Hieronymous Alloy posted:

How does it handle the footnotes

BananaNutkins posted:

I think they're appended to the end. I can't think of a better way to do it in pure audio.

This is how I read my first few Discworld books (read the book and then the footnotes all at once, afterwards) until I figured out that the footnotes in ebooks are direct links to the footnote in question. On one hand, half the footnotes are just a quick punchline, which would be fine to just throw in parentheses in-line with the story; on the other, sometimes you see a three paragraph footnote on dwarven history, and I think it’s ok to move those kind of things to the end. In the general sense, I guess it depends on how the author intended them to be read.

Larry Parrish
Jul 9, 2012

by Jeffrey of YOSPOS

Stupid_Sexy_Flander posted:

Been reading Behold! Humanity as a series and it's pretty neat.

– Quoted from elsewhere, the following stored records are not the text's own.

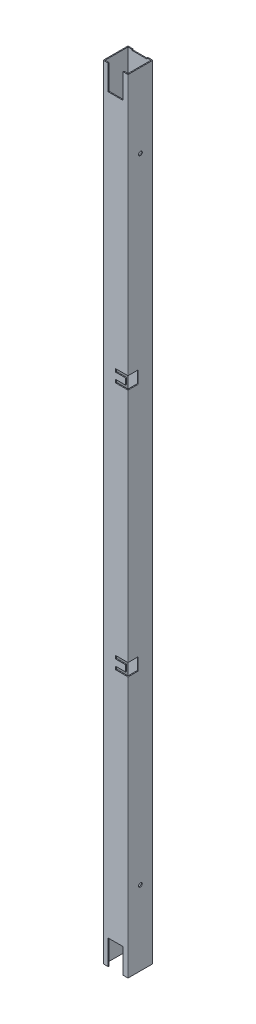
from build123d import *

# Parameters (mm, degrees)
SKETCH1_W           = 37
SKETCH1_H           = 37
BOSS_EXTRUDE1_DEPTH = 1260
SKETCH2_W           = 23.9
SKETCH2_H           = 40
CUT_EXTRUDE1_DEPTH  = 20
SKETCH3_W           = 23.9
SKETCH3_H           = 1.6
CUT_EXTRUDE2_DEPTH  = 20
CUT_EXTRUDE3_DEPTH  = 20
SKETCH5_W           = 4
SKETCH5_H           = 10
CUT_EXTRUDE4_DEPTH  = 10
LPATTERN1_COUNT     = 2
LPATTERN1_PITCH     = 400
SKETCH6_R           = 3
CUT_EXTRUDE5_DEPTH  = 1262.269202034


with BuildPart() as part:
    # Sketch1 → Boss-Extrude1 (new body)
    with BuildSketch(Plane(origin=(0, 0, 0), x_dir=(1, 0, 0), z_dir=(0, 1, 0))):
        with BuildLine():
            Line((0.5, 0), (39.5, 0))
            ThreePointArc((39.5, 0), (39.853553391, 0.146446609), (40, 0.5))
            Line((40, 0.5), (40, 39.5))
            ThreePointArc((40, 39.5), (39.853553391, 39.853553391), (39.5, 40))
            Line((39.5, 40), (0.5, 40))
            ThreePointArc((0.5, 40), (0.146446609, 39.853553391), (0, 39.5))
            Line((0, 39.5), (0, 0.5))
            ThreePointArc((0, 0.5), (0.146446609, 0.146446609), (0.5, 0))
        make_face()
        with Locations((20, 20)):
            Rectangle(SKETCH1_W, SKETCH1_H, mode=Mode.SUBTRACT)
    extrude(amount=BOSS_EXTRUDE1_DEPTH)

    # Sketch2 → Cut-Extrude1 (cut)
    with BuildSketch(Plane.XY):
        with Locations((20.05, 1240)):
            Rectangle(SKETCH2_W, SKETCH2_H)
    cut_extrude1 = extrude(amount=-CUT_EXTRUDE1_DEPTH, mode=Mode.SUBTRACT)

    # Sketch3 → Cut-Extrude2 (cut)
    with BuildSketch(Plane.XY.offset(-38.5)):
        with Locations((20.05, 1259.2)):
            Rectangle(SKETCH3_W, SKETCH3_H)
        with Locations((20.05, 1220.8)):
            Rectangle(SKETCH3_W, SKETCH3_H)
    cut_extrude2 = extrude(amount=-CUT_EXTRUDE2_DEPTH, mode=Mode.SUBTRACT)

    # Mirror1: Cut-Extrude1, Cut-Extrude2 across plane
    add(cut_extrude1.mirror(Plane.ZX.offset(630)), mode=Mode.SUBTRACT)
    add(cut_extrude2.mirror(Plane.ZX.offset(630)), mode=Mode.SUBTRACT)

    # Sketch4 → Cut-Extrude3 (cut)
    with BuildSketch(Plane(origin=(40, 0, 0), x_dir=(0, 0, -1), z_dir=(1, 0, 0))):
        Polygon((0, 840), (16.5, 840), (16.5, 820), (0, 820), (0, 825), (5, 825), (5, 835), (0, 835), align=None)
    cut_extrude3 = extrude(amount=-CUT_EXTRUDE3_DEPTH, mode=Mode.SUBTRACT)

    # Sketch5 → Cut-Extrude4 (cut)
    with BuildSketch(Plane.XY):
        with Locations((38, 830)):
            Rectangle(SKETCH5_W, SKETCH5_H)
    cut_extrude4 = extrude(amount=-CUT_EXTRUDE4_DEPTH, mode=Mode.SUBTRACT)

    # LPattern1: Cut-Extrude3, Cut-Extrude4 ×2
    with Locations(*[(0, -i * LPATTERN1_PITCH, 0) for i in range(1, LPATTERN1_COUNT)]):
        add(cut_extrude3, mode=Mode.SUBTRACT)
        add(cut_extrude4, mode=Mode.SUBTRACT)

    # Sketch6 → Cut-Extrude5 (cut, through all)
    with BuildSketch(Plane(origin=(40, 0, 0), x_dir=(0, 0, -1), z_dir=(1, 0, 0))):
        with Locations((20, 1140)):
            Circle(SKETCH6_R)
        with Locations((20, 120)):
            Circle(SKETCH6_R)
    extrude(amount=-CUT_EXTRUDE5_DEPTH, mode=Mode.SUBTRACT)


solid = part.part

I enjoy the bright and somewhat upbeat future idea instead of the normal dystopian all is bleak and sad future idea.

It's got some pretty goddamn weird subcultures in there though like kawaii 40k marines, etc.

i read this too lol. i love the kawaii Marines because the hilarious part is while there are people out there using SUDS to roleplay 40k, the various Idiots are latent psychics from the glassing of Terra who have permanent psychotic rage both from mat-trans overuse and being alive and hearing the death scream at the time permanently overwriting their consciousness lol. there was a real Terran imperium and a real digital omnissiah, so these insane old warriors kind of confuse it with 40k lol

some of that is from the side stories that aren't published in the main volumes (yet) so I spoilered but it's whatever. anyway, I really love that stupid setting. It has every trope you can think of lovingly crafted into something that doesn't feel like a joke.

the universe is a dark forest, but humanity has been glassed and genocided (sometimes by themselves) so many times that they've collectively decided the only solution is to be such a burning bright beacon that nobody like that can hide. I love it lol.

SimonChris
Apr 24, 2008

The Baron's daughter is missing, and you are the man to find her. No problem. With your inexhaustible arsenal of hard-boiled similes, there is nothing you can't handle.
Grimey Drawer
https://www.amazon.com/Friday-Black-Nana-Kwame-Adjei-Brenyah/dp/1328911241

If we are talking literary science-fiction, I would like to recommend Nana Kwame Adjei-Brenyah's debut collection, "Friday Black". While not all of it is outright science fiction, most of the stories take place in near-future dystopias (or far-futures ones), and the rest arguably count as slipstream / magical realism. The final story, "Through the flash", is a dark take on Groundhog Day, about a town who has been stuck for thousands of years in a loop of the final day before they get nuked and how people try to find meaning in such an existence. I love time-loop stories, and this is by far one of the best examples of the genre I've read. Highly recommended.

The Sweet Hereafter
Jan 11, 2010

Another Dirty Dish posted:

This is how I read my first few Discworld books (read the book and then the footnotes all at once, afterwards) until I figured out that the footnotes in ebooks are direct links to the footnote in question. On one hand, half the footnotes are just a quick punchline, which would be fine to just throw in parentheses in-line with the story; on the other, sometimes you see a three paragraph footnote on dwarven history, and I think it’s ok to move those kind of things to the end. In the general sense, I guess it depends on how the author intended them to be read.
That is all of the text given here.